08-Feb-2008 15:54:26 *Thank you for your request.*
You have requested the following:

Life in Cold Blood
Spring Ozone Magazine


----------



## Reptilerescueden (Jan 2, 2006)

Hubby ordered mine last week


----------



## Diablo (May 25, 2007)

Mine arrived this morning


----------



## trese (Oct 2, 2006)

i ordered mine yesterday, it froze when i tried the other day lol


----------



## Mikey_C (Oct 19, 2007)

Ahhh.... That'll be what the Open University package is that arrived this morning for Hayley!

I thought it might be something to do with her uni course!!


----------



## Diablo (May 25, 2007)

Mikey_C said:


> Ahhh.... That'll be what the Open University package is that arrived this morning for Hayley!
> 
> I thought it might be something to do with her uni course!!

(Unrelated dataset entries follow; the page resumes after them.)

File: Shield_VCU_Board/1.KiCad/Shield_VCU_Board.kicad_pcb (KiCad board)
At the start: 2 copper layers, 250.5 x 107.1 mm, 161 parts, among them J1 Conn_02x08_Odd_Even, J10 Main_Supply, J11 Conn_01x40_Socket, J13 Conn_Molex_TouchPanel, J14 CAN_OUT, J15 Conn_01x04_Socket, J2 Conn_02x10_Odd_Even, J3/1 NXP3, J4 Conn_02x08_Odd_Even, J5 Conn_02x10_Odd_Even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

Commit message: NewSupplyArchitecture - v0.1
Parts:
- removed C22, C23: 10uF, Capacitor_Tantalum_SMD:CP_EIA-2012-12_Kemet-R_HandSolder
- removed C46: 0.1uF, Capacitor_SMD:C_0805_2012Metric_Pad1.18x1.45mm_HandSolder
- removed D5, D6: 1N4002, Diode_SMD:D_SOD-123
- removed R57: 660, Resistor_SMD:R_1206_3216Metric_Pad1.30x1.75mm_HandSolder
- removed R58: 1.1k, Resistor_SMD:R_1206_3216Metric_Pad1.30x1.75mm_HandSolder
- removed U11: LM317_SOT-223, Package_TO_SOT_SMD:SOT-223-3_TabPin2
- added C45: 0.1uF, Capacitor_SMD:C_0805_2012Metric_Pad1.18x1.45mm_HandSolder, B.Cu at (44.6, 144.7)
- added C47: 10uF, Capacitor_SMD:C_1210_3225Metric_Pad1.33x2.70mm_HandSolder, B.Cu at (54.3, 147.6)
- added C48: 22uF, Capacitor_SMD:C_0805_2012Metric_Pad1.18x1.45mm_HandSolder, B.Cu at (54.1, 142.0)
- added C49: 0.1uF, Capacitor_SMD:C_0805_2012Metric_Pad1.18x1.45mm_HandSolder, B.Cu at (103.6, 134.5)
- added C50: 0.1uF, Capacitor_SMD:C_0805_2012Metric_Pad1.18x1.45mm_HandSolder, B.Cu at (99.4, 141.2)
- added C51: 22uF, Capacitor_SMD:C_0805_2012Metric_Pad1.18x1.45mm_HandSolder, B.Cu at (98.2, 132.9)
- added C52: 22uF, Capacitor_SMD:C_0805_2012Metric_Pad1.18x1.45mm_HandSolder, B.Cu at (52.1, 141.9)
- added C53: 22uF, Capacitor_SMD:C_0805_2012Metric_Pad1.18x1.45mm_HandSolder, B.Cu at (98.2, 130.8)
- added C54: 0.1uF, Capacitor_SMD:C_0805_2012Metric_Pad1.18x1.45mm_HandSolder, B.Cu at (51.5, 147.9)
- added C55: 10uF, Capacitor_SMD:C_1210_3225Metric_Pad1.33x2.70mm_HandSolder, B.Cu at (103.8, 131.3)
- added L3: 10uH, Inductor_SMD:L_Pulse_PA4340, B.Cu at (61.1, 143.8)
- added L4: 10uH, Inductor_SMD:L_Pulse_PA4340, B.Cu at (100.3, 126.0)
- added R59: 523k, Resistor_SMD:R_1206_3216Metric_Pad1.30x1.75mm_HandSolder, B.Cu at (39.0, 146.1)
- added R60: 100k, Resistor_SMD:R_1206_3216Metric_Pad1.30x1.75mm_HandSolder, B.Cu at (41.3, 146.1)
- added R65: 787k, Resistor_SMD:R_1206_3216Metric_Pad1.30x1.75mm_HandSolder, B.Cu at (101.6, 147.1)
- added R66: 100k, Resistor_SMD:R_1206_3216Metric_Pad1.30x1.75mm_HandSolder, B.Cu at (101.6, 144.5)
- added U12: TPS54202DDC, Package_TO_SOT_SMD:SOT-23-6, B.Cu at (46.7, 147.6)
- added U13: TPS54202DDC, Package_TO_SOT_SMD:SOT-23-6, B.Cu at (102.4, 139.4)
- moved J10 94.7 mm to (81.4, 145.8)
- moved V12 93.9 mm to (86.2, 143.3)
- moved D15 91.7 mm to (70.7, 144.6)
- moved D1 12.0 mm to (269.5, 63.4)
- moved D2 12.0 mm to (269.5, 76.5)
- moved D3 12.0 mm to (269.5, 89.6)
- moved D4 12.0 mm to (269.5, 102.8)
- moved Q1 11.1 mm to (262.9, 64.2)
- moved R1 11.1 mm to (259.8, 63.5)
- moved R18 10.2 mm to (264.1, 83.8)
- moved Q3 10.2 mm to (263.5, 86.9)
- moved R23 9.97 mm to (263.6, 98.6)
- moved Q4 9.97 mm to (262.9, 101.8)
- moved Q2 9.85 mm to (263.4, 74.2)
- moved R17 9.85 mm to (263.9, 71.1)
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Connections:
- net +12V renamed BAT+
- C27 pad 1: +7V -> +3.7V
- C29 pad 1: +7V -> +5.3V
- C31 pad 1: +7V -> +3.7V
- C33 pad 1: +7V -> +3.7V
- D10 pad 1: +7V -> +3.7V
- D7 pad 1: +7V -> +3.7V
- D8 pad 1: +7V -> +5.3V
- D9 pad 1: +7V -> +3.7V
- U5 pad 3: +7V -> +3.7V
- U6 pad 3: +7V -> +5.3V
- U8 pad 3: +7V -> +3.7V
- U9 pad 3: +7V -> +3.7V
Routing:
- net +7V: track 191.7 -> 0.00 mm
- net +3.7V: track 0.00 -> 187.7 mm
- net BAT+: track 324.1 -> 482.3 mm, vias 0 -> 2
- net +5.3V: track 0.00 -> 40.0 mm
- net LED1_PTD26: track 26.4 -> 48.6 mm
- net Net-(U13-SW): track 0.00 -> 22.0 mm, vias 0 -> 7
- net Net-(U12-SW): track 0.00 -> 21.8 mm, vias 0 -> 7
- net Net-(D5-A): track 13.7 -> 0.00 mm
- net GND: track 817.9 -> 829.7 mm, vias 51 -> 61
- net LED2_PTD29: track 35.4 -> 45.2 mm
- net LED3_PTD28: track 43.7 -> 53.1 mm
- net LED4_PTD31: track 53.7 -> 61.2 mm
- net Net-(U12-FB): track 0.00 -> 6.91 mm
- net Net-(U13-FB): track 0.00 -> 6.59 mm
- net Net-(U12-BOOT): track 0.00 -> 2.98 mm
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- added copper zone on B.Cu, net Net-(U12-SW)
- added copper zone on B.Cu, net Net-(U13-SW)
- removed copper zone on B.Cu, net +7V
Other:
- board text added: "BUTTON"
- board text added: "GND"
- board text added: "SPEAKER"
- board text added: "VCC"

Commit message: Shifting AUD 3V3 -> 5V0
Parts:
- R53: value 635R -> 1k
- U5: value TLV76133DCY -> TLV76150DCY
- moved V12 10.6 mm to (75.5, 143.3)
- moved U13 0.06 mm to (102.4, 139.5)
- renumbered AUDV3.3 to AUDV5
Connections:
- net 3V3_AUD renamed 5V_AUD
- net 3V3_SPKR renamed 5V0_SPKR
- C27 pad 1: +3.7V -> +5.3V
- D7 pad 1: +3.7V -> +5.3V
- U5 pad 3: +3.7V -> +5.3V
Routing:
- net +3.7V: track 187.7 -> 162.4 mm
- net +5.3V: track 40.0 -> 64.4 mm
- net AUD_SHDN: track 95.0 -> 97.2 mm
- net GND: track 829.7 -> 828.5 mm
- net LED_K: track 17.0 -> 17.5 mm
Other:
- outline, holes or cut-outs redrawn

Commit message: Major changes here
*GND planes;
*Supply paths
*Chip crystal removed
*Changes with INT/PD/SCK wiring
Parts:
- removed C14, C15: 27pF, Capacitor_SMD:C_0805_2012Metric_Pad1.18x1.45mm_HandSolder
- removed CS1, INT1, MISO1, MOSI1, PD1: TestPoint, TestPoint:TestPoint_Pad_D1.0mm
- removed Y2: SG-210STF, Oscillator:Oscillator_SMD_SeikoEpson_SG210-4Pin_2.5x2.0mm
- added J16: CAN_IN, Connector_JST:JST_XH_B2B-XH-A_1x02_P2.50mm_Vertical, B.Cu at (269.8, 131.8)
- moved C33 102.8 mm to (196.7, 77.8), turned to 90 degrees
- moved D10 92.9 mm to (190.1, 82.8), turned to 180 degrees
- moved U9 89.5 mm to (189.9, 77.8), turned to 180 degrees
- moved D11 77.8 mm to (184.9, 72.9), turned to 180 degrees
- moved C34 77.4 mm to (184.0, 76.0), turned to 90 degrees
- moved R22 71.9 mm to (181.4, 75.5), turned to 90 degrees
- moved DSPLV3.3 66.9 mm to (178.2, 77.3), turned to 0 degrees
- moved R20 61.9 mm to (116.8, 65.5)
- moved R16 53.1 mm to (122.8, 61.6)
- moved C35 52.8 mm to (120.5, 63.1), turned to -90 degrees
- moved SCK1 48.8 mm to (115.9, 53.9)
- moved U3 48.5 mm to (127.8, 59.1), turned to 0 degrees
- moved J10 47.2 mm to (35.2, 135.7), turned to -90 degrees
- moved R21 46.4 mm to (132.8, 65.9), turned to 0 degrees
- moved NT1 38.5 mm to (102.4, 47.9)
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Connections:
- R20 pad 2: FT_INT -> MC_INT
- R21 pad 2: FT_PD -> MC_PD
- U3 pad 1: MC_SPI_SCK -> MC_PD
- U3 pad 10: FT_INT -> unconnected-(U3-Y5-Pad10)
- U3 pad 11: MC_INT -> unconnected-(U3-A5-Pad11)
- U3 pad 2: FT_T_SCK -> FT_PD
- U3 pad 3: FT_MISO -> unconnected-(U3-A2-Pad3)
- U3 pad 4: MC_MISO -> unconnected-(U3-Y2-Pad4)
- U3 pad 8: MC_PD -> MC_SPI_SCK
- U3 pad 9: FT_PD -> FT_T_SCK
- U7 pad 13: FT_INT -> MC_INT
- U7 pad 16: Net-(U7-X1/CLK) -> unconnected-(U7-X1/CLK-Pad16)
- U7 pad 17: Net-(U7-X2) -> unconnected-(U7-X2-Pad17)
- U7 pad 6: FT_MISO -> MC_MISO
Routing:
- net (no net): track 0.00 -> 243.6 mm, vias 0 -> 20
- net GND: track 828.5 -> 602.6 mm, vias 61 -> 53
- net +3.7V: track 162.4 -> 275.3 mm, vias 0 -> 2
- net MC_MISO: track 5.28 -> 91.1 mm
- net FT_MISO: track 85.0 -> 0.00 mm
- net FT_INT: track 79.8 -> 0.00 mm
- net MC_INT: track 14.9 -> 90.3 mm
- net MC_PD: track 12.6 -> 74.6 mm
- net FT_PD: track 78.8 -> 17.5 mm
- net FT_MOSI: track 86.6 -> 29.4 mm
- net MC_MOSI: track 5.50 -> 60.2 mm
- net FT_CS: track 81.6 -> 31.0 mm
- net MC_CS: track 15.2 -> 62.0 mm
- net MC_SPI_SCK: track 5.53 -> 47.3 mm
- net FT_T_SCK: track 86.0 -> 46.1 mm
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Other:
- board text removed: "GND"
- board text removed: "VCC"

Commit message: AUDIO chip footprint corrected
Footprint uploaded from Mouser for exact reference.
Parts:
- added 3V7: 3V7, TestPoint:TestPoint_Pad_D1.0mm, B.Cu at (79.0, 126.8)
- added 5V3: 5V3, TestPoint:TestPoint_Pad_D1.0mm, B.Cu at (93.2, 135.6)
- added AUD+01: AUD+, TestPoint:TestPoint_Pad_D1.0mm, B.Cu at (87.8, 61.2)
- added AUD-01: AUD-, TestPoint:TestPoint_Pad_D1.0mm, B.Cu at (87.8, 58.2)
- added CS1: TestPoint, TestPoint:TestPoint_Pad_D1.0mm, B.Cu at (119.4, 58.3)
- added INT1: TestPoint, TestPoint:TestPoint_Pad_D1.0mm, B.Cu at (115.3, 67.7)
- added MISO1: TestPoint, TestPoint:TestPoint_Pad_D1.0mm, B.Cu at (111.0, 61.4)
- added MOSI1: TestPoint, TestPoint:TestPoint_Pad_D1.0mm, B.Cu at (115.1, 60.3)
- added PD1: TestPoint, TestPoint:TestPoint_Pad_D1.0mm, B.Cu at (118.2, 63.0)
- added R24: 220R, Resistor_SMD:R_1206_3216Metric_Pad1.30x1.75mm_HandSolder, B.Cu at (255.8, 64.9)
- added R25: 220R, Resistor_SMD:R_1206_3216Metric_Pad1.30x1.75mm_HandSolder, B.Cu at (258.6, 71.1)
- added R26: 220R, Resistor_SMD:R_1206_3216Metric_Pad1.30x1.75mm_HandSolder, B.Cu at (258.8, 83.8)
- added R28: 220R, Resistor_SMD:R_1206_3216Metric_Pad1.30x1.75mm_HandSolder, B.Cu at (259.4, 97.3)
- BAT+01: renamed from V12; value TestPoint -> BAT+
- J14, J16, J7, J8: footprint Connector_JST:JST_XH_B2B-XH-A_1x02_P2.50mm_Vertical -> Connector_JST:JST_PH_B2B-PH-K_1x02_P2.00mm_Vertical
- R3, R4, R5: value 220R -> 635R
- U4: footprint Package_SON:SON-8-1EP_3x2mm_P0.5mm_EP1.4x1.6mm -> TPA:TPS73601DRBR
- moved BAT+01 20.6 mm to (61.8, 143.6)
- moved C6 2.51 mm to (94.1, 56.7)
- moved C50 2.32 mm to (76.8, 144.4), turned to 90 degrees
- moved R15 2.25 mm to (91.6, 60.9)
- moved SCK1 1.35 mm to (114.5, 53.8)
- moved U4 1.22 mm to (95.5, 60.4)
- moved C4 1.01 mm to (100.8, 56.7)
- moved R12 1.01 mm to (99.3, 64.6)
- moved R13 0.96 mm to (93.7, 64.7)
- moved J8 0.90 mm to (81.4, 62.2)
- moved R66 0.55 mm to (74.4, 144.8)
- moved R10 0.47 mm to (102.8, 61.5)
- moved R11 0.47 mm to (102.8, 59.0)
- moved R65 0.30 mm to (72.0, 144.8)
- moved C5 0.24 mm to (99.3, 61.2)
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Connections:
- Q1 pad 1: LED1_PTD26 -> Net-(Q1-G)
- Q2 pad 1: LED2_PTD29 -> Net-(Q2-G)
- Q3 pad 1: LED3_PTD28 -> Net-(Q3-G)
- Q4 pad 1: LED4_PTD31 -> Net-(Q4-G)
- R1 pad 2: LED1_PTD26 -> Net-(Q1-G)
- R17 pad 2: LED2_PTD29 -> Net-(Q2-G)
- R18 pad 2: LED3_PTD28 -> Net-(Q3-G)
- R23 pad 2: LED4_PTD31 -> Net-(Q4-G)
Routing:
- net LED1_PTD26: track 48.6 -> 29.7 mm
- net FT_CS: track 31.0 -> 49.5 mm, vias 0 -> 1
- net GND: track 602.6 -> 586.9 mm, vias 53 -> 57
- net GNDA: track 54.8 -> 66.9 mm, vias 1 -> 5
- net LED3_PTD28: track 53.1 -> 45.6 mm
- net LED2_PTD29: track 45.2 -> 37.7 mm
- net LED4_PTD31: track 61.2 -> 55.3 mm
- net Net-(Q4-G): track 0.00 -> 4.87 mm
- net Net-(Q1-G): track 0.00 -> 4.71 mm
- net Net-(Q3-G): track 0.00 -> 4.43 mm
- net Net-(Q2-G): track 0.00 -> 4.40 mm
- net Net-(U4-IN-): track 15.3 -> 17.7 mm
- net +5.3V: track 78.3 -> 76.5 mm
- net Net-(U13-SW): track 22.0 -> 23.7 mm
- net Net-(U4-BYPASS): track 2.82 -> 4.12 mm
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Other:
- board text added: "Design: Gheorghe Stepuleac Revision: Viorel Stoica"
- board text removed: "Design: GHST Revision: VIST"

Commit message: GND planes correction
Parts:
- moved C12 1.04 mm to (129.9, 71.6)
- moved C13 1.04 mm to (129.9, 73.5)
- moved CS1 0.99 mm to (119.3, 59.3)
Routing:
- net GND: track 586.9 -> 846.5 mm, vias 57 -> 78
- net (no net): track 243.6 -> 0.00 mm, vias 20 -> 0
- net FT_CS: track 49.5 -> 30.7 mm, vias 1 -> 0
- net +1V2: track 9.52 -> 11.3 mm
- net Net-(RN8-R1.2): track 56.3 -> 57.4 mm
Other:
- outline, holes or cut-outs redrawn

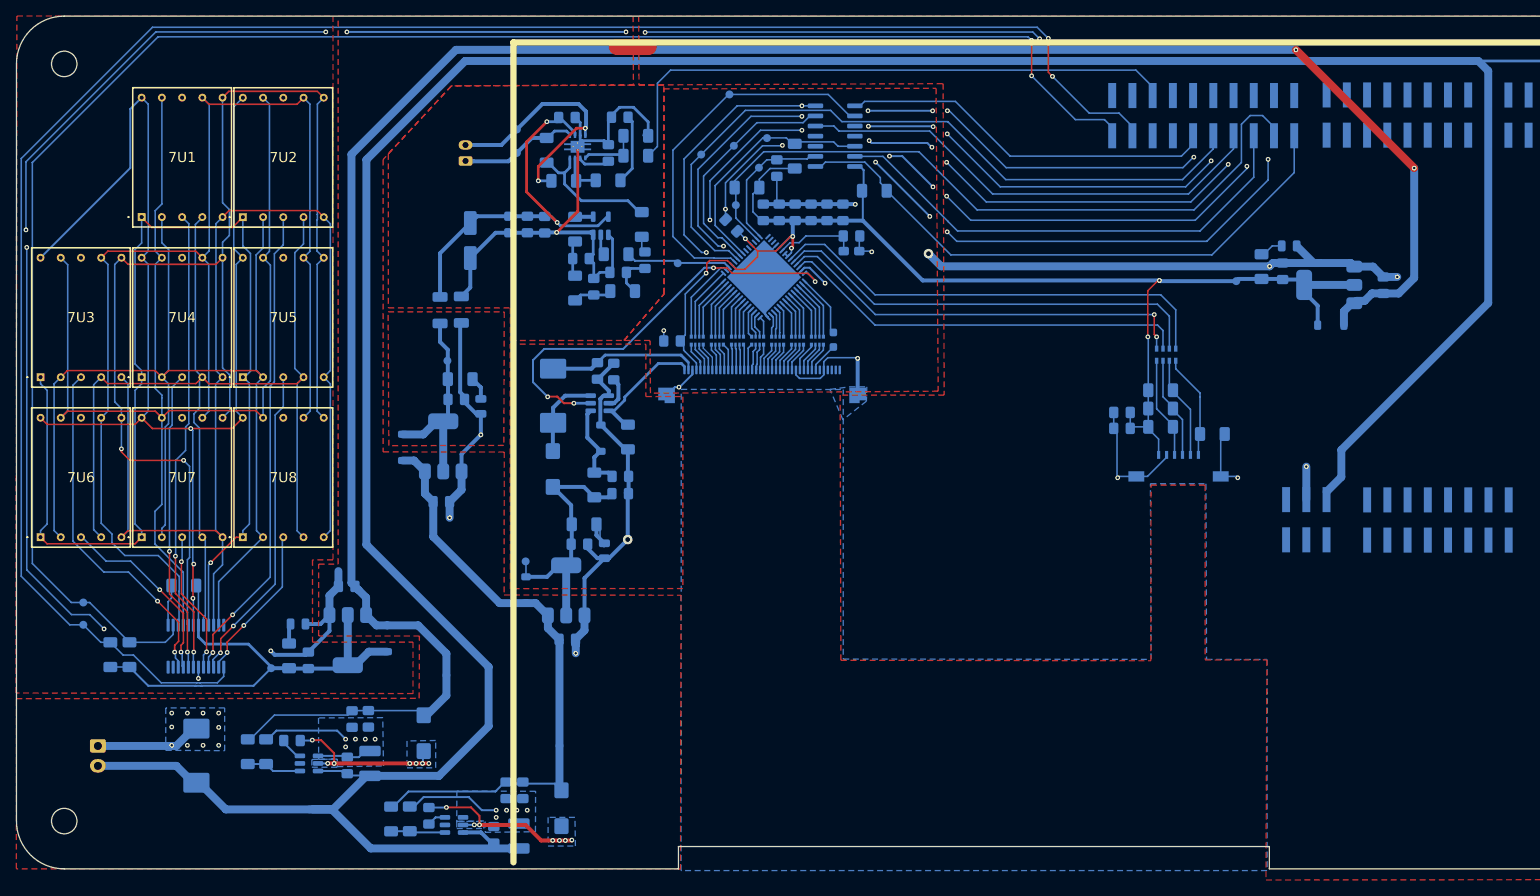
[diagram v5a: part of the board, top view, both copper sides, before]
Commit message: DNP 0 Ohm resistors added
DNP resistors added for the case where the Buck converters would have to be bridged.
The DNP resistors are rated by their size: 1206 - 3.0A -> 4.0A that should be more than enough for this Board
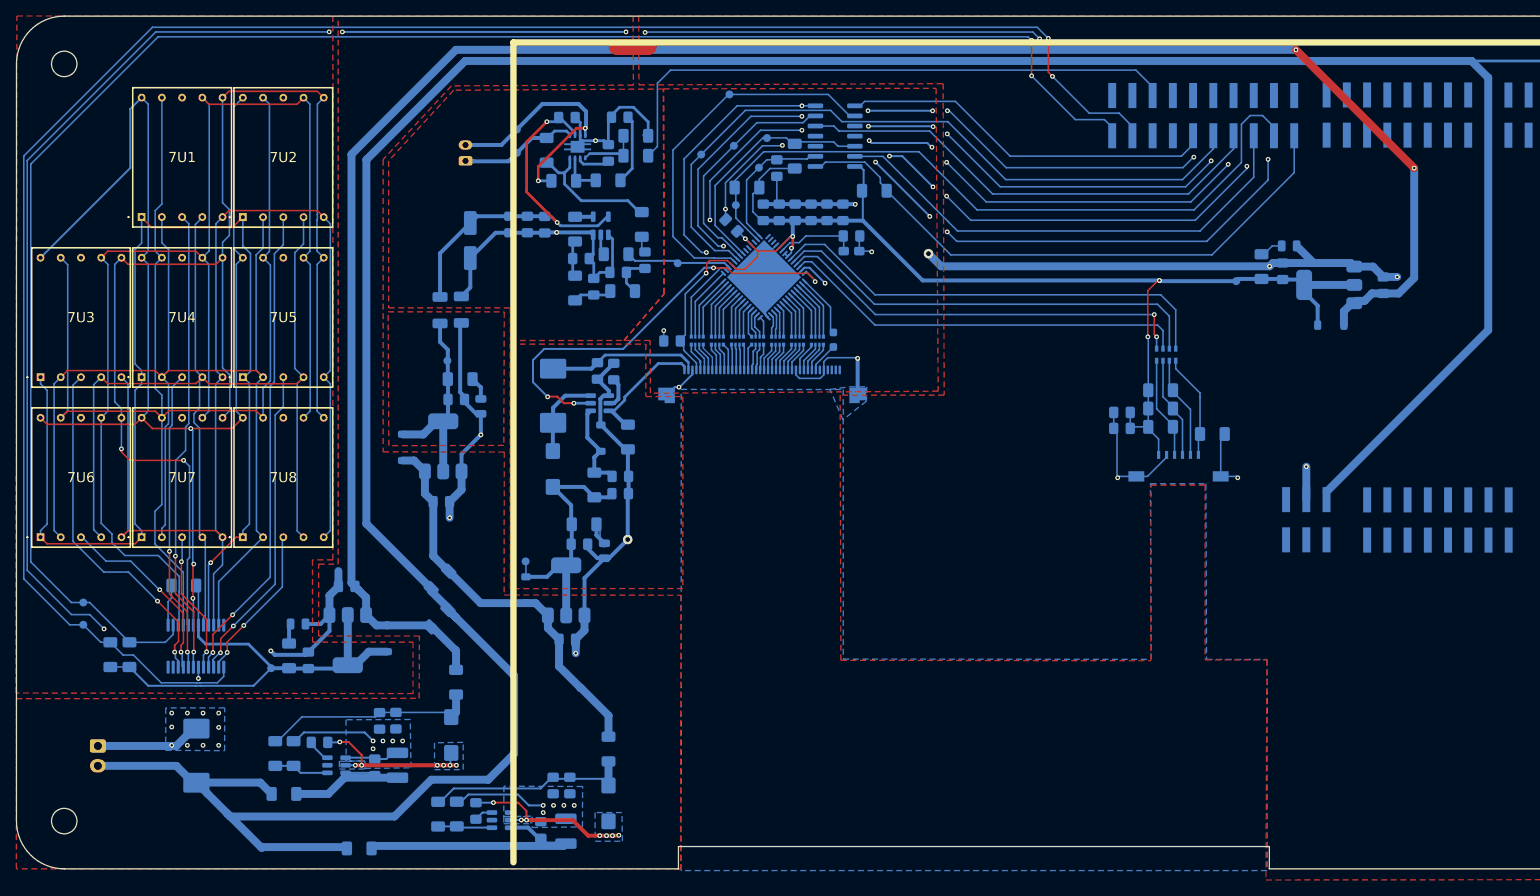
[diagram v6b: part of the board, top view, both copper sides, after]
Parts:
- added R29: 0R, Resistor_SMD:R_1206_3216Metric_Pad1.30x1.75mm_HandSolder, B.Cu at (78.2, 114.8)
- added R30: 0R, Resistor_SMD:R_1206_3216Metric_Pad1.30x1.75mm_HandSolder, B.Cu at (78.1, 119.6)
- added R31: 0R, Resistor_SMD:R_1206_3216Metric_Pad1.30x1.75mm_HandSolder, B.Cu at (58.6, 141.7)
- added R32: 0R, Resistor_SMD:R_1206_3216Metric_Pad1.30x1.75mm_HandSolder, B.Cu at (68.0, 148.5)
- added R33: 0R, Resistor_SMD:R_1206_3216Metric_Pad1.30x1.75mm_HandSolder, B.Cu at (80.2, 127.7)
- added R34: 0R, Resistor_SMD:R_1206_3216Metric_Pad1.30x1.75mm_HandSolder, B.Cu at (99.4, 136.1)
- moved 5V3 7.74 mm to (95.8, 128.4)
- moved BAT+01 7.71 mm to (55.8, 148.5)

Yeah there is a OU in there.


----------



## the-tick (Nov 27, 2006)

got mine today YAY


----------



## ANT (Nov 11, 2007)

same, i too got mine today!


----------



## Uncle Les (Dec 29, 2007)

I am still waiting :whistling2:


----------



## Graham (Jan 27, 2007)

I ordered mine on Monday straight after the broadcast, I guess it'll arrive soon.


----------



## grannykins (Oct 9, 2006)

Just ordered.


----------



## Jade01 (Feb 21, 2007)

ordered mine on monday, still waiting but then agen i only ordered it on monday lol!


----------



## Guest (Feb 9, 2008)

Thank you !


----------



## AshMashMash (Oct 28, 2007)

Mine came today, its wicked!


----------



## Andy b 1 (May 14, 2007)

ordered mine


----------